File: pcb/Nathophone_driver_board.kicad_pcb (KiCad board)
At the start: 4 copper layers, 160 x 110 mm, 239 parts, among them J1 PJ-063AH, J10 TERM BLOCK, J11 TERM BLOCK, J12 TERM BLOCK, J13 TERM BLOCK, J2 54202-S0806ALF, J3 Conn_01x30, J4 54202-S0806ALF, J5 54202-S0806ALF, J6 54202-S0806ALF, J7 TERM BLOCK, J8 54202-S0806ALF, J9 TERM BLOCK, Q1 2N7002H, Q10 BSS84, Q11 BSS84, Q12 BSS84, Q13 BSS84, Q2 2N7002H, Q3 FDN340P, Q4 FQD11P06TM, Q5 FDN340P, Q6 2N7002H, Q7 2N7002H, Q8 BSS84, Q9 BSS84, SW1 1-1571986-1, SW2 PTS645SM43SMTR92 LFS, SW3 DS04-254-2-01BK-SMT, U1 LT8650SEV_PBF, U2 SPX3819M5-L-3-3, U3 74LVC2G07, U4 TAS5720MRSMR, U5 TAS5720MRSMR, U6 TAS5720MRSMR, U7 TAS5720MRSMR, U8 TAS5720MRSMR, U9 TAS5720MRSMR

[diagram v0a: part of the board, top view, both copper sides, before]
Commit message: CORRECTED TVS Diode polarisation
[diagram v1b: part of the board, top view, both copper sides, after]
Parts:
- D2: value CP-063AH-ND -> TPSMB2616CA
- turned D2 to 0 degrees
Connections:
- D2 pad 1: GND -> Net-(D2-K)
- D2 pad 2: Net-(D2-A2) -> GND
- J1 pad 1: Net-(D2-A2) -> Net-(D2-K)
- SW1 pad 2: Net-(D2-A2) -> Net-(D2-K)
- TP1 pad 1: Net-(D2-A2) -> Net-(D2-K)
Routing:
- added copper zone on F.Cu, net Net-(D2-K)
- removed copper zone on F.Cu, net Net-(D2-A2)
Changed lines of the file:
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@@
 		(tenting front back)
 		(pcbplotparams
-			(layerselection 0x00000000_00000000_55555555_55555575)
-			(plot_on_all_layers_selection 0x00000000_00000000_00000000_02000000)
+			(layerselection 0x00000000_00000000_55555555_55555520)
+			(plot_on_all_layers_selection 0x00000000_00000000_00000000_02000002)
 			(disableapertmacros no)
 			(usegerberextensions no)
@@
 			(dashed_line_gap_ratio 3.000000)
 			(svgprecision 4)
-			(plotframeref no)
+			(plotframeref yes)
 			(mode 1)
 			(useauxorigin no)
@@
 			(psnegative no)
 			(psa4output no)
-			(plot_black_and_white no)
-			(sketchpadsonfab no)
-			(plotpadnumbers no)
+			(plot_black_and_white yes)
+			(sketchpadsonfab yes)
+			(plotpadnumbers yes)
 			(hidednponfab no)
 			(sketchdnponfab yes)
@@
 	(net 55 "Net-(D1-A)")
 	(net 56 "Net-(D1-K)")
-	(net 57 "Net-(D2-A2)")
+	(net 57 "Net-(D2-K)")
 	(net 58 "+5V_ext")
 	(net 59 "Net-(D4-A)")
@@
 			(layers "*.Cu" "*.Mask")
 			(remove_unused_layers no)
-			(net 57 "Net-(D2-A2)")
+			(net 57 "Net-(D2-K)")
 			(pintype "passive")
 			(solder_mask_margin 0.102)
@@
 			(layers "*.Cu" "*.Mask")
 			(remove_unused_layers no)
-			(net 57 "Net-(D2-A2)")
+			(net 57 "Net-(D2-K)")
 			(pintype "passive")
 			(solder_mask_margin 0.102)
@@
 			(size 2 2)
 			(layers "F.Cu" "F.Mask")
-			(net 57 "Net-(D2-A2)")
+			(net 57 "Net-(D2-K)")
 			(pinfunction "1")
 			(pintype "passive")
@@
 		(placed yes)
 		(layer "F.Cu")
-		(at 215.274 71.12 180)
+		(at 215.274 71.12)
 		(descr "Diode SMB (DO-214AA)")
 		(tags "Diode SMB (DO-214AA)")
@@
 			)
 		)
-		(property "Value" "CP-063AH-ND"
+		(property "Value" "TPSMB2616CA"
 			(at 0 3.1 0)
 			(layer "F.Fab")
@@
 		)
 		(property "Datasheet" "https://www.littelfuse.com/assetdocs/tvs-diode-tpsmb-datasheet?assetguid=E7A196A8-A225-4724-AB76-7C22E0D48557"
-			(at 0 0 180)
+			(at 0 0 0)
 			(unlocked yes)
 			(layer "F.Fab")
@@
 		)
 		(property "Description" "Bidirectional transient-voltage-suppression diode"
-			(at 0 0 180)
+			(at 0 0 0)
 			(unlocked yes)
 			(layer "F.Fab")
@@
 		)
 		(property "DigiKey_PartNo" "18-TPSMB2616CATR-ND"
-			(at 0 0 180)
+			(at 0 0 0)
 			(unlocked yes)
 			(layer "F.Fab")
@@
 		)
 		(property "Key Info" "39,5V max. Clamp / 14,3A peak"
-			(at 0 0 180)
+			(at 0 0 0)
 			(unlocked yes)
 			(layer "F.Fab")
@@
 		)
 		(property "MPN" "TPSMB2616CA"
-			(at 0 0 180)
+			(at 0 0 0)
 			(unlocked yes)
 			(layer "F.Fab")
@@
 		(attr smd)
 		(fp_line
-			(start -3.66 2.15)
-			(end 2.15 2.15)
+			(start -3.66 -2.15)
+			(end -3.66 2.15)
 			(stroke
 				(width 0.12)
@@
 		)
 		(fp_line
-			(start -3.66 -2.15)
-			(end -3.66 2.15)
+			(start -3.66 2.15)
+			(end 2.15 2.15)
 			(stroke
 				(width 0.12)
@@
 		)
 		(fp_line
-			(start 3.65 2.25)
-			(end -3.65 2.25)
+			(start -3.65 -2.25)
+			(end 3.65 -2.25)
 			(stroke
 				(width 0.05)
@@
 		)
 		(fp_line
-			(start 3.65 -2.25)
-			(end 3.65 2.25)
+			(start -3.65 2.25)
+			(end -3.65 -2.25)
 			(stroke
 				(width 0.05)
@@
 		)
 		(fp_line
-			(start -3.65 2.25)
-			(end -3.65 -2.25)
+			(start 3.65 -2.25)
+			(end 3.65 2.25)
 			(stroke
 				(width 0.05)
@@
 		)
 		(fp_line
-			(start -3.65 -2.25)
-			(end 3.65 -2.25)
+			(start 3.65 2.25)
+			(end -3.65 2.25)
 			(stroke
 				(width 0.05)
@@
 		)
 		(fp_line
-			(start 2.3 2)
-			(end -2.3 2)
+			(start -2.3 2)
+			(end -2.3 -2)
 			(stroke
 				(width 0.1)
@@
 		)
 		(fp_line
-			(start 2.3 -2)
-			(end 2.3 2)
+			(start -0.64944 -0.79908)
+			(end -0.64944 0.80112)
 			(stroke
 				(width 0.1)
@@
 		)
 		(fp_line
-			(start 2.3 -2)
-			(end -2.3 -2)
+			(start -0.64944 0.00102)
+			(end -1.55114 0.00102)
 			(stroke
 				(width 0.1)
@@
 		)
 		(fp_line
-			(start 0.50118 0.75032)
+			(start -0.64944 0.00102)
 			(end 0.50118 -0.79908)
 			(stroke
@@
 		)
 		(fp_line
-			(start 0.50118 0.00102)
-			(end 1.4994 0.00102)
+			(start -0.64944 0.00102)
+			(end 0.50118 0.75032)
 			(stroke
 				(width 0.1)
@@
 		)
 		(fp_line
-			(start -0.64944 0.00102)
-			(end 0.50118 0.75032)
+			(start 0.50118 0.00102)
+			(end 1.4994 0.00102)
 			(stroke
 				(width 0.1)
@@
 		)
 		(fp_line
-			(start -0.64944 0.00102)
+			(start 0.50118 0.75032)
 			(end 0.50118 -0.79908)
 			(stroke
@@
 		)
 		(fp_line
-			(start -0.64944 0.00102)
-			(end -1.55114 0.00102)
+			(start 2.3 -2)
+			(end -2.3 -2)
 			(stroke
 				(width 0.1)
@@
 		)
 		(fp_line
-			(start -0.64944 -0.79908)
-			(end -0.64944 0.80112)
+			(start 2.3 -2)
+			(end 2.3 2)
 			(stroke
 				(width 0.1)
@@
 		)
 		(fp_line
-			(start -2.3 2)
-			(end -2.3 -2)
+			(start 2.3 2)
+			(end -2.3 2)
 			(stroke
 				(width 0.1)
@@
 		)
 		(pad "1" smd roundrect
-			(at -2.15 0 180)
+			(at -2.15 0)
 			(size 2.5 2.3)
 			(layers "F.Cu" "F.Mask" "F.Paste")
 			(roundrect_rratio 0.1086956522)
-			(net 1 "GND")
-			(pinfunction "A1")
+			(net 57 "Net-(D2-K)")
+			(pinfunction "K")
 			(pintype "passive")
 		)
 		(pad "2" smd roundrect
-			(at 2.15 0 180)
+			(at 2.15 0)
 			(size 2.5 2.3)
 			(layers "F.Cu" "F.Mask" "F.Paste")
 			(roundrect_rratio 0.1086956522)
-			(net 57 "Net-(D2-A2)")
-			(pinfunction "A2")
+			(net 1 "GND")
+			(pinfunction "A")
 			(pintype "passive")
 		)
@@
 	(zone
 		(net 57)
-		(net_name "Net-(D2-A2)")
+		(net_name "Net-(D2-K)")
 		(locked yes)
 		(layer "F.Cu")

=-=-=

Activity → Copy out, from the listing above, every line that contains the string "layerselection".

Solved exercise →
-			(layerselection 0x00000000_00000000_55555555_55555575)
+			(layerselection 0x00000000_00000000_55555555_55555520)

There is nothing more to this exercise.